Data:
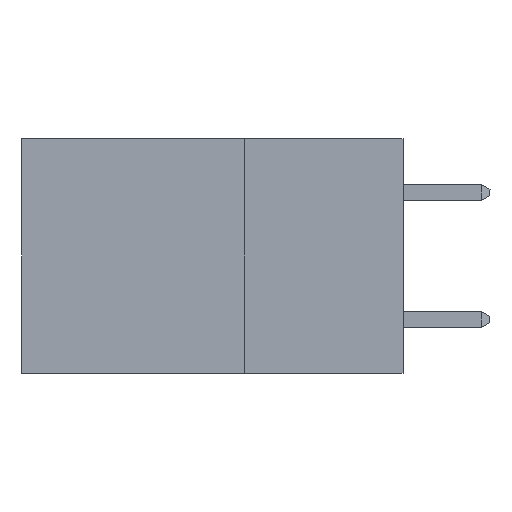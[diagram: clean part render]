
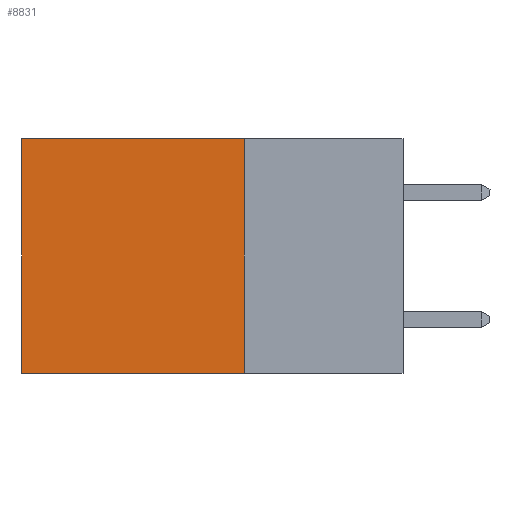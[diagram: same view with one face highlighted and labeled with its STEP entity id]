
A CAD part, left-side view. The second image highlights one B-rep face of the part: STEP entity #8831.
In plain terms, the highlighted planar face has unit normal (-1, 0, 0).
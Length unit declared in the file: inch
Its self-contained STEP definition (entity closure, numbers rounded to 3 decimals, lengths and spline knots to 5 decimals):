
#600 = CARTESIAN_POINT ( 'NONE',  ( 0.2875, 0.25, -0.37 ) ) ;
#768 = DIRECTION ( 'NONE',  ( 1., 0., 0. ) ) ;
#1304 = VECTOR ( 'NONE', #8988, 39.37008 ) ;
#1411 = ORIENTED_EDGE ( 'NONE', *, *, #3405, .F. ) ;
#1810 = LINE ( 'NONE', #5100, #6632 ) ;
#1845 = LINE ( 'NONE', #7771, #2952 ) ;
#1931 = CARTESIAN_POINT ( 'NONE',  ( 0.2875, 0.6, -0.37 ) ) ;
#2179 = VECTOR ( 'NONE', #4787, 39.37008 ) ;
#2952 = VECTOR ( 'NONE', #8855, 39.37008 ) ;
#3316 = CARTESIAN_POINT ( 'NONE',  ( 0.2875, 0.25, 0. ) ) ;
#3405 = EDGE_CURVE ( 'NONE', #5114, #8582, #4828, .T. ) ;
#3849 = FACE_OUTER_BOUND ( 'NONE', #8200, .T. ) ;
#4056 = DIRECTION ( 'NONE',  ( 0., 0., -1. ) ) ;
#4787 = DIRECTION ( 'NONE',  ( 0., 1., 0. ) ) ;
#4828 = LINE ( 'NONE', #8505, #2179 ) ;
#5100 = CARTESIAN_POINT ( 'NONE',  ( 0.2875, 0.6, 0. ) ) ;
#5114 = VERTEX_POINT ( 'NONE', #600 ) ;
#5310 = CARTESIAN_POINT ( 'NONE',  ( 0.2875, 0.6, 0. ) ) ;
#5900 = PLANE ( 'NONE',  #7510 ) ;
#6027 = CARTESIAN_POINT ( 'NONE',  ( 0.2875, 0.25, 0. ) ) ;
#6463 = ORIENTED_EDGE ( 'NONE', *, *, #7850, .F. ) ;
#6632 = VECTOR ( 'NONE', #4056, 39.37008 ) ;
#7510 = AXIS2_PLACEMENT_3D ( 'NONE', #10621, #768, #7949 ) ;
#7771 = CARTESIAN_POINT ( 'NONE',  ( 0.2875, 0.25, 0. ) ) ;
#7834 = ORIENTED_EDGE ( 'NONE', *, *, #9911, .T. ) ;
#7843 = ORIENTED_EDGE ( 'NONE', *, *, #8723, .T. ) ;
#7850 = EDGE_CURVE ( 'NONE', #12015, #5114, #1845, .T. ) ;
#7949 = DIRECTION ( 'NONE',  ( 0., 0., -1. ) ) ;
#8200 = EDGE_LOOP ( 'NONE', ( #7843, #1411, #6463, #7834 ) ) ;
#8505 = CARTESIAN_POINT ( 'NONE',  ( 0.2875, 0.25, -0.37 ) ) ;
#8582 = VERTEX_POINT ( 'NONE', #1931 ) ;
#8723 = EDGE_CURVE ( 'NONE', #9371, #8582, #1810, .T. ) ;
#8831 = ADVANCED_FACE ( 'NONE', ( #3849 ), #5900, .F. ) ;
#8855 = DIRECTION ( 'NONE',  ( 0., 0., -1. ) ) ;
#8988 = DIRECTION ( 'NONE',  ( 0., 1., 0. ) ) ;
#9341 = LINE ( 'NONE', #6027, #1304 ) ;
#9371 = VERTEX_POINT ( 'NONE', #5310 ) ;
#9911 = EDGE_CURVE ( 'NONE', #12015, #9371, #9341, .T. ) ;
#10621 = CARTESIAN_POINT ( 'NONE',  ( 0.2875, 0.25, 0. ) ) ;
#12015 = VERTEX_POINT ( 'NONE', #3316 ) ;

Directions for this task: In the reply, each line of the data must appear exactly as written, and no picture may appear.

Answer below:
[diagram: clean part render]
[diagram: same view with one face highlighted and labeled with its STEP entity id]
A CAD part, left-side view. The second image highlights one B-rep face of the part: STEP entity #8831.
In plain terms, the highlighted planar face has unit normal (-1, 0, 0).
Length unit declared in the file: inch
Its self-contained STEP definition (entity closure, numbers rounded to 3 decimals, lengths and spline knots to 5 decimals):
#600 = CARTESIAN_POINT ( 'NONE',  ( 0.2875, 0.25, -0.37 ) ) ;
#768 = DIRECTION ( 'NONE',  ( 1., 0., 0. ) ) ;
#1304 = VECTOR ( 'NONE', #8988, 39.37008 ) ;
#1411 = ORIENTED_EDGE ( 'NONE', *, *, #3405, .F. ) ;
#1810 = LINE ( 'NONE', #5100, #6632 ) ;
#1845 = LINE ( 'NONE', #7771, #2952 ) ;
#1931 = CARTESIAN_POINT ( 'NONE',  ( 0.2875, 0.6, -0.37 ) ) ;
#2179 = VECTOR ( 'NONE', #4787, 39.37008 ) ;
#2952 = VECTOR ( 'NONE', #8855, 39.37008 ) ;
#3316 = CARTESIAN_POINT ( 'NONE',  ( 0.2875, 0.25, 0. ) ) ;
#3405 = EDGE_CURVE ( 'NONE', #5114, #8582, #4828, .T. ) ;
#3849 = FACE_OUTER_BOUND ( 'NONE', #8200, .T. ) ;
#4056 = DIRECTION ( 'NONE',  ( 0., 0., -1. ) ) ;
#4787 = DIRECTION ( 'NONE',  ( 0., 1., 0. ) ) ;
#4828 = LINE ( 'NONE', #8505, #2179 ) ;
#5100 = CARTESIAN_POINT ( 'NONE',  ( 0.2875, 0.6, 0. ) ) ;
#5114 = VERTEX_POINT ( 'NONE', #600 ) ;
#5310 = CARTESIAN_POINT ( 'NONE',  ( 0.2875, 0.6, 0. ) ) ;
#5900 = PLANE ( 'NONE',  #7510 ) ;
#6027 = CARTESIAN_POINT ( 'NONE',  ( 0.2875, 0.25, 0. ) ) ;
#6463 = ORIENTED_EDGE ( 'NONE', *, *, #7850, .F. ) ;
#6632 = VECTOR ( 'NONE', #4056, 39.37008 ) ;
#7510 = AXIS2_PLACEMENT_3D ( 'NONE', #10621, #768, #7949 ) ;
#7771 = CARTESIAN_POINT ( 'NONE',  ( 0.2875, 0.25, 0. ) ) ;
#7834 = ORIENTED_EDGE ( 'NONE', *, *, #9911, .T. ) ;
#7843 = ORIENTED_EDGE ( 'NONE', *, *, #8723, .T. ) ;
#7850 = EDGE_CURVE ( 'NONE', #12015, #5114, #1845, .T. ) ;
#7949 = DIRECTION ( 'NONE',  ( 0., 0., -1. ) ) ;
#8200 = EDGE_LOOP ( 'NONE', ( #7843, #1411, #6463, #7834 ) ) ;
#8505 = CARTESIAN_POINT ( 'NONE',  ( 0.2875, 0.25, -0.37 ) ) ;
#8582 = VERTEX_POINT ( 'NONE', #1931 ) ;
#8723 = EDGE_CURVE ( 'NONE', #9371, #8582, #1810, .T. ) ;
#8831 = ADVANCED_FACE ( 'NONE', ( #3849 ), #5900, .F. ) ;
#8855 = DIRECTION ( 'NONE',  ( 0., 0., -1. ) ) ;
#8988 = DIRECTION ( 'NONE',  ( 0., 1., 0. ) ) ;
#9341 = LINE ( 'NONE', #6027, #1304 ) ;
#9371 = VERTEX_POINT ( 'NONE', #5310 ) ;
#9911 = EDGE_CURVE ( 'NONE', #12015, #9371, #9341, .T. ) ;
#10621 = CARTESIAN_POINT ( 'NONE',  ( 0.2875, 0.25, 0. ) ) ;
#12015 = VERTEX_POINT ( 'NONE', #3316 ) ;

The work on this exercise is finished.